Ojcem duchowym tej ideologii był Lenin. On też był twórcą rzeczywistości państwa sowieckiego. Abramowicz wykazuje, jak niezmienne są fundamenty intelektualne komunizmu sowieckiego i jego linia przewodnia – wroga wszystkiemu, co jest prawdziwą demokracją, tj. wolnością, i wszystkiemu, co jest prawdziwym socjalizmem, tj. równością między ludźmi. Abramowicz przypomina, że wielki francuski trybun socjalizmu Jean Jaures, autor socjalistycznej historii Rewolucji Francuskiej, napisał niegdyś, iż wszystkie rewolucje w dziejach były barbarzyńskimi środkami osiągnięcia postępu, popchnięcia świata naprzód. Rewolucja angielska w 17 stuleciu i rewolucja francuska w 18 stuleciu nie stanowiły wyjątku w tej regule. Ale czy można rzec, że rosyjska lub chińska rewolucja komunistyczna są krokami na drodze postępu? Abramowicz daje na to zapytanie odpowiedź przeczącą. Nikt – pisze – kto żyć musiał w państwie totalitarnym i jest obznajomiony z jego sposobem funkcjonowania, nie uwierzy, że barbarzyństwo to przyczyni się kiedykolwiek do rozwoju kulturalnego lub dobrobytu ludzkości. „Albowiem rządy totalitarne są nie tyle antykapitalistyczne, co antyludzkie”.

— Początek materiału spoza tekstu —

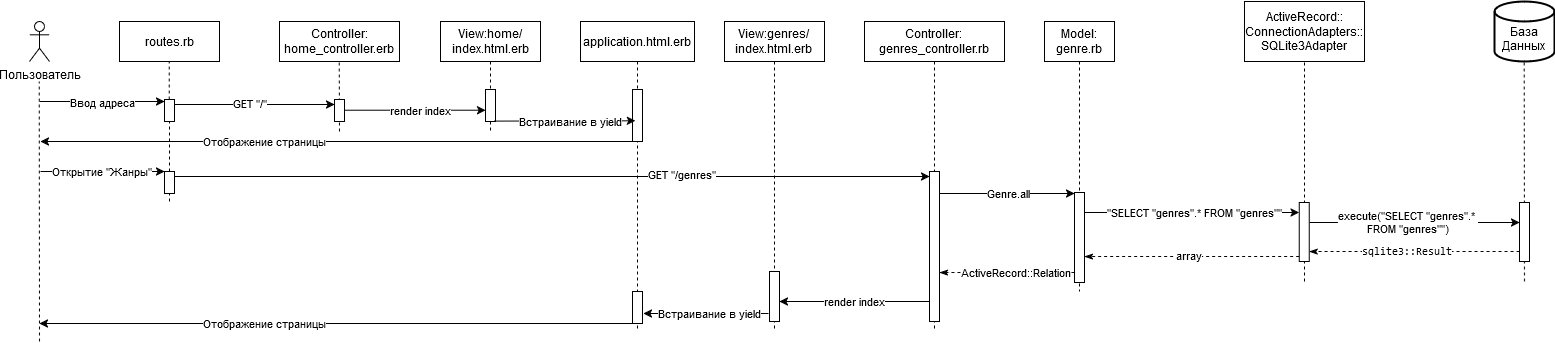

The diagram above was exported from draw.io. Its source (the exported page's mxGraphModel, read from the mxfile embedded in the PNG):
<mxGraphModel dx="1430" dy="782" grid="1" gridSize="10" guides="1" tooltips="1" connect="1" arrows="1" fold="1" page="1" pageScale="1" pageWidth="850" pageHeight="1100" math="0" shadow="0">
  <root>
    <mxCell id="0" />
    <mxCell id="1" parent="0" />
    <mxCell id="tYpc_6L7HMuKdfje9hwW-4" value="View:home/index.html.erb" style="shape=umlLifeline;perimeter=lifelinePerimeter;whiteSpace=wrap;html=1;container=1;dropTarget=0;collapsible=0;recursiveResize=0;outlineConnect=0;portConstraint=eastwest;newEdgeStyle={&quot;curved&quot;:0,&quot;rounded&quot;:0};" parent="1" vertex="1">
      <mxGeometry x="816" y="40" width="100" height="110" as="geometry" />
    </mxCell>
    <mxCell id="tYpc_6L7HMuKdfje9hwW-9" value="" style="html=1;points=[[0,0,0,0,5],[0,1,0,0,-5],[1,0,0,0,5],[1,1,0,0,-5]];perimeter=orthogonalPerimeter;outlineConnect=0;targetShapes=umlLifeline;portConstraint=eastwest;newEdgeStyle={&quot;curved&quot;:0,&quot;rounded&quot;:0};" parent="tYpc_6L7HMuKdfje9hwW-4" vertex="1">
      <mxGeometry x="45" y="68" width="10" height="32" as="geometry" />
    </mxCell>
    <mxCell id="tYpc_6L7HMuKdfje9hwW-33" value="&lt;div&gt;View:genres/&lt;/div&gt;&lt;div&gt;index.html.erb&lt;br&gt;&lt;/div&gt;" style="shape=umlLifeline;perimeter=lifelinePerimeter;whiteSpace=wrap;html=1;container=1;dropTarget=0;collapsible=0;recursiveResize=0;outlineConnect=0;portConstraint=eastwest;newEdgeStyle={&quot;curved&quot;:0,&quot;rounded&quot;:0};" parent="1" vertex="1">
      <mxGeometry x="1100" y="40" width="100" height="310" as="geometry" />
    </mxCell>
    <mxCell id="4oy4x_PYkp_Zsue_m4NZ-5" value="&lt;div&gt;Model:&lt;/div&gt;&lt;div&gt;genre.rb&lt;br&gt;&lt;/div&gt;" style="shape=umlLifeline;perimeter=lifelinePerimeter;whiteSpace=wrap;html=1;container=1;dropTarget=0;collapsible=0;recursiveResize=0;outlineConnect=0;portConstraint=eastwest;newEdgeStyle={&quot;curved&quot;:0,&quot;rounded&quot;:0};" parent="1" vertex="1">
      <mxGeometry x="1420" y="40" width="70" height="270" as="geometry" />
    </mxCell>
    <mxCell id="7OG68iCXWEb1AxIP0ivG-18" value="" style="html=1;points=[[0,0,0,0,5],[0,1,0,0,-5],[1,0,0,0,5],[1,1,0,0,-5]];perimeter=orthogonalPerimeter;outlineConnect=0;targetShapes=umlLifeline;portConstraint=eastwest;newEdgeStyle={&quot;curved&quot;:0,&quot;rounded&quot;:0};" vertex="1" parent="4oy4x_PYkp_Zsue_m4NZ-5">
      <mxGeometry x="30" y="171" width="10" height="90" as="geometry" />
    </mxCell>
    <mxCell id="4oy4x_PYkp_Zsue_m4NZ-6" value="Пользователь" style="shape=umlActor;verticalLabelPosition=bottom;verticalAlign=top;html=1;outlineConnect=0;" parent="1" vertex="1">
      <mxGeometry x="405" y="40" width="20" height="40" as="geometry" />
    </mxCell>
    <mxCell id="4oy4x_PYkp_Zsue_m4NZ-22" value="&lt;div&gt;Controller:&lt;/div&gt;&lt;div&gt;genres_controller.rb&lt;br&gt;&lt;/div&gt;" style="shape=umlLifeline;perimeter=lifelinePerimeter;whiteSpace=wrap;html=1;container=1;dropTarget=0;collapsible=0;recursiveResize=0;outlineConnect=0;portConstraint=eastwest;newEdgeStyle={&quot;curved&quot;:0,&quot;rounded&quot;:0};" parent="1" vertex="1">
      <mxGeometry x="1240" y="40" width="140" height="310" as="geometry" />
    </mxCell>
    <mxCell id="7OG68iCXWEb1AxIP0ivG-14" value="" style="html=1;points=[[0,0,0,0,5],[0,1,0,0,-5],[1,0,0,0,5],[1,1,0,0,-5]];perimeter=orthogonalPerimeter;outlineConnect=0;targetShapes=umlLifeline;portConstraint=eastwest;newEdgeStyle={&quot;curved&quot;:0,&quot;rounded&quot;:0};" vertex="1" parent="4oy4x_PYkp_Zsue_m4NZ-22">
      <mxGeometry x="65" y="150" width="10" height="150" as="geometry" />
    </mxCell>
    <mxCell id="7OG68iCXWEb1AxIP0ivG-1" value="" style="endArrow=classic;html=1;rounded=0;entryX=0;entryY=0;entryDx=0;entryDy=5;entryPerimeter=0;" edge="1" parent="1" source="7OG68iCXWEb1AxIP0ivG-43">
      <mxGeometry width="50" height="50" relative="1" as="geometry">
        <mxPoint x="755.9285714285713" y="128.71" as="sourcePoint" />
        <mxPoint x="861" y="128.71" as="targetPoint" />
      </mxGeometry>
    </mxCell>
    <mxCell id="7OG68iCXWEb1AxIP0ivG-2" value="&lt;div&gt;render index&lt;/div&gt;" style="edgeLabel;html=1;align=center;verticalAlign=middle;resizable=0;points=[];" vertex="1" connectable="0" parent="7OG68iCXWEb1AxIP0ivG-1">
      <mxGeometry x="-0.2944" y="-2" relative="1" as="geometry">
        <mxPoint x="26" y="-2" as="offset" />
      </mxGeometry>
    </mxCell>
    <mxCell id="7OG68iCXWEb1AxIP0ivG-4" value="" style="endArrow=classic;html=1;rounded=0;" edge="1" parent="1" source="7OG68iCXWEb1AxIP0ivG-48">
      <mxGeometry width="50" height="50" relative="1" as="geometry">
        <mxPoint x="865.5" y="160" as="sourcePoint" />
        <mxPoint x="416" y="160" as="targetPoint" />
      </mxGeometry>
    </mxCell>
    <mxCell id="7OG68iCXWEb1AxIP0ivG-8" value="&lt;div&gt;Отображение страницы&lt;br&gt;&lt;/div&gt;" style="edgeLabel;html=1;align=center;verticalAlign=middle;resizable=0;points=[];" vertex="1" connectable="0" parent="7OG68iCXWEb1AxIP0ivG-4">
      <mxGeometry x="0.0209" y="-1" relative="1" as="geometry">
        <mxPoint x="-66" y="1" as="offset" />
      </mxGeometry>
    </mxCell>
    <mxCell id="7OG68iCXWEb1AxIP0ivG-10" value="" style="endArrow=classic;html=1;rounded=0;" edge="1" parent="1" target="7OG68iCXWEb1AxIP0ivG-45">
      <mxGeometry width="50" height="50" relative="1" as="geometry">
        <mxPoint x="416" y="190" as="sourcePoint" />
        <mxPoint x="536" y="190" as="targetPoint" />
      </mxGeometry>
    </mxCell>
    <mxCell id="7OG68iCXWEb1AxIP0ivG-11" value="&lt;div&gt;Открытие &quot;Жанры&quot;&lt;/div&gt;" style="edgeLabel;html=1;align=center;verticalAlign=middle;resizable=0;points=[];" vertex="1" connectable="0" parent="7OG68iCXWEb1AxIP0ivG-10">
      <mxGeometry x="-0.2944" y="-2" relative="1" as="geometry">
        <mxPoint x="17" y="-2" as="offset" />
      </mxGeometry>
    </mxCell>
    <mxCell id="7OG68iCXWEb1AxIP0ivG-13" value="&lt;div&gt;&lt;br&gt;&lt;/div&gt;&lt;div&gt;База&lt;/div&gt;&lt;div&gt;Данных&lt;br&gt;&lt;/div&gt;" style="strokeWidth=2;html=1;shape=mxgraph.flowchart.database;whiteSpace=wrap;" vertex="1" parent="1">
      <mxGeometry x="1870" y="20" width="60" height="60" as="geometry" />
    </mxCell>
    <mxCell id="7OG68iCXWEb1AxIP0ivG-15" value="" style="endArrow=classic;html=1;rounded=0;exitX=1;exitY=0;exitDx=0;exitDy=5;exitPerimeter=0;" edge="1" parent="1" source="7OG68iCXWEb1AxIP0ivG-45" target="7OG68iCXWEb1AxIP0ivG-14">
      <mxGeometry width="50" height="50" relative="1" as="geometry">
        <mxPoint x="1015" y="240" as="sourcePoint" />
        <mxPoint x="1065" y="190" as="targetPoint" />
      </mxGeometry>
    </mxCell>
    <mxCell id="7OG68iCXWEb1AxIP0ivG-16" value="GET &quot;/genres&quot;" style="edgeLabel;html=1;align=center;verticalAlign=middle;resizable=0;points=[];" vertex="1" connectable="0" parent="7OG68iCXWEb1AxIP0ivG-15">
      <mxGeometry x="0.3424" y="2" relative="1" as="geometry">
        <mxPoint as="offset" />
      </mxGeometry>
    </mxCell>
    <mxCell id="7OG68iCXWEb1AxIP0ivG-17" value="" style="endArrow=classic;html=1;rounded=0;" edge="1" parent="1">
      <mxGeometry width="50" height="50" relative="1" as="geometry">
        <mxPoint x="1315" y="212" as="sourcePoint" />
        <mxPoint x="1450" y="212" as="targetPoint" />
        <Array as="points">
          <mxPoint x="1350" y="212" />
        </Array>
      </mxGeometry>
    </mxCell>
    <mxCell id="7OG68iCXWEb1AxIP0ivG-19" value="Genre.all" style="edgeLabel;html=1;align=center;verticalAlign=middle;resizable=0;points=[];" vertex="1" connectable="0" parent="7OG68iCXWEb1AxIP0ivG-17">
      <mxGeometry x="0.014" relative="1" as="geometry">
        <mxPoint as="offset" />
      </mxGeometry>
    </mxCell>
    <mxCell id="7OG68iCXWEb1AxIP0ivG-22" value="" style="endArrow=none;dashed=1;html=1;rounded=0;entryX=0.5;entryY=1;entryDx=0;entryDy=0;" edge="1" parent="1" target="7OG68iCXWEb1AxIP0ivG-53">
      <mxGeometry width="50" height="50" relative="1" as="geometry">
        <mxPoint x="1680" y="300" as="sourcePoint" />
        <mxPoint x="1679.66" y="90" as="targetPoint" />
      </mxGeometry>
    </mxCell>
    <mxCell id="7OG68iCXWEb1AxIP0ivG-21" value="" style="html=1;points=[[0,0,0,0,5],[0,1,0,0,-5],[1,0,0,0,5],[1,1,0,0,-5]];perimeter=orthogonalPerimeter;outlineConnect=0;targetShapes=umlLifeline;portConstraint=eastwest;newEdgeStyle={&quot;curved&quot;:0,&quot;rounded&quot;:0};" vertex="1" parent="1">
      <mxGeometry x="1674.66" y="221" width="10" height="59" as="geometry" />
    </mxCell>
    <mxCell id="7OG68iCXWEb1AxIP0ivG-23" value="" style="endArrow=classic;html=1;rounded=0;" edge="1" parent="1" target="7OG68iCXWEb1AxIP0ivG-21">
      <mxGeometry width="50" height="50" relative="1" as="geometry">
        <mxPoint x="1460" y="231" as="sourcePoint" />
        <mxPoint x="1510" y="181" as="targetPoint" />
      </mxGeometry>
    </mxCell>
    <mxCell id="7OG68iCXWEb1AxIP0ivG-24" value="&quot;SELECT &quot;genres&quot;.* FROM &quot;genres&quot;&quot;" style="edgeLabel;html=1;align=center;verticalAlign=middle;resizable=0;points=[];" vertex="1" connectable="0" parent="7OG68iCXWEb1AxIP0ivG-23">
      <mxGeometry x="0.2632" y="3" relative="1" as="geometry">
        <mxPoint x="-26" y="3" as="offset" />
      </mxGeometry>
    </mxCell>
    <mxCell id="7OG68iCXWEb1AxIP0ivG-25" value="" style="endArrow=classicThin;html=1;rounded=0;exitX=0;exitY=1;exitDx=0;exitDy=-5;exitPerimeter=0;dashed=1;endFill=1;" edge="1" parent="1" source="7OG68iCXWEb1AxIP0ivG-21" target="7OG68iCXWEb1AxIP0ivG-18">
      <mxGeometry width="50" height="50" relative="1" as="geometry">
        <mxPoint x="1560" y="311" as="sourcePoint" />
        <mxPoint x="1610" y="261" as="targetPoint" />
      </mxGeometry>
    </mxCell>
    <mxCell id="7OG68iCXWEb1AxIP0ivG-27" value="array" style="edgeLabel;html=1;align=center;verticalAlign=middle;resizable=0;points=[];" vertex="1" connectable="0" parent="7OG68iCXWEb1AxIP0ivG-25">
      <mxGeometry x="0.0377" y="-1" relative="1" as="geometry">
        <mxPoint as="offset" />
      </mxGeometry>
    </mxCell>
    <mxCell id="7OG68iCXWEb1AxIP0ivG-28" value="" style="endArrow=classicThin;html=1;rounded=0;dashed=1;endFill=1;" edge="1" parent="1">
      <mxGeometry width="50" height="50" relative="1" as="geometry">
        <mxPoint x="1450" y="291" as="sourcePoint" />
        <mxPoint x="1315" y="291" as="targetPoint" />
      </mxGeometry>
    </mxCell>
    <mxCell id="7OG68iCXWEb1AxIP0ivG-31" value="ActiveRecord::Relation" style="edgeLabel;html=1;align=center;verticalAlign=middle;resizable=0;points=[];" vertex="1" connectable="0" parent="7OG68iCXWEb1AxIP0ivG-28">
      <mxGeometry x="0.0053" relative="1" as="geometry">
        <mxPoint x="8" as="offset" />
      </mxGeometry>
    </mxCell>
    <mxCell id="7OG68iCXWEb1AxIP0ivG-32" value="" style="endArrow=classicThin;html=1;rounded=0;dashed=1;endFill=1;" edge="1" parent="1" target="7OG68iCXWEb1AxIP0ivG-21">
      <mxGeometry width="50" height="50" relative="1" as="geometry">
        <mxPoint x="1895.07" y="270" as="sourcePoint" />
        <mxPoint x="1739.9985714285713" y="270" as="targetPoint" />
        <Array as="points">
          <mxPoint x="1830.07" y="270" />
        </Array>
      </mxGeometry>
    </mxCell>
    <mxCell id="7OG68iCXWEb1AxIP0ivG-58" value="&lt;code&gt;sqlite3::Result&lt;/code&gt; " style="edgeLabel;html=1;align=center;verticalAlign=middle;resizable=0;points=[];" vertex="1" connectable="0" parent="7OG68iCXWEb1AxIP0ivG-32">
      <mxGeometry x="0.0774" relative="1" as="geometry">
        <mxPoint as="offset" />
      </mxGeometry>
    </mxCell>
    <mxCell id="7OG68iCXWEb1AxIP0ivG-33" value="" style="endArrow=none;dashed=1;html=1;rounded=0;" edge="1" parent="1">
      <mxGeometry width="50" height="50" relative="1" as="geometry">
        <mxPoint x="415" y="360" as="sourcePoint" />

Abramowicz nie daje żadnych wskazań na przyszłość. Jego książka nie uczy, jak postępować z Rosją. Uczy natomiast widzieć i rozumieć prawdę o Rosji sowieckiej. Jest to znakomita, bo może najgłębsza i najlepiej oddająca rzeczywistość książka spośród wszystkich dotychczas napisanych i ogłoszonych książek o tzw. Kraju Rad.
Adam Ciołkosz
Powyższy tekst pierwotnie ukazał się w nowojorskim piśmie „Robotnik Polski” nr 2, 1963.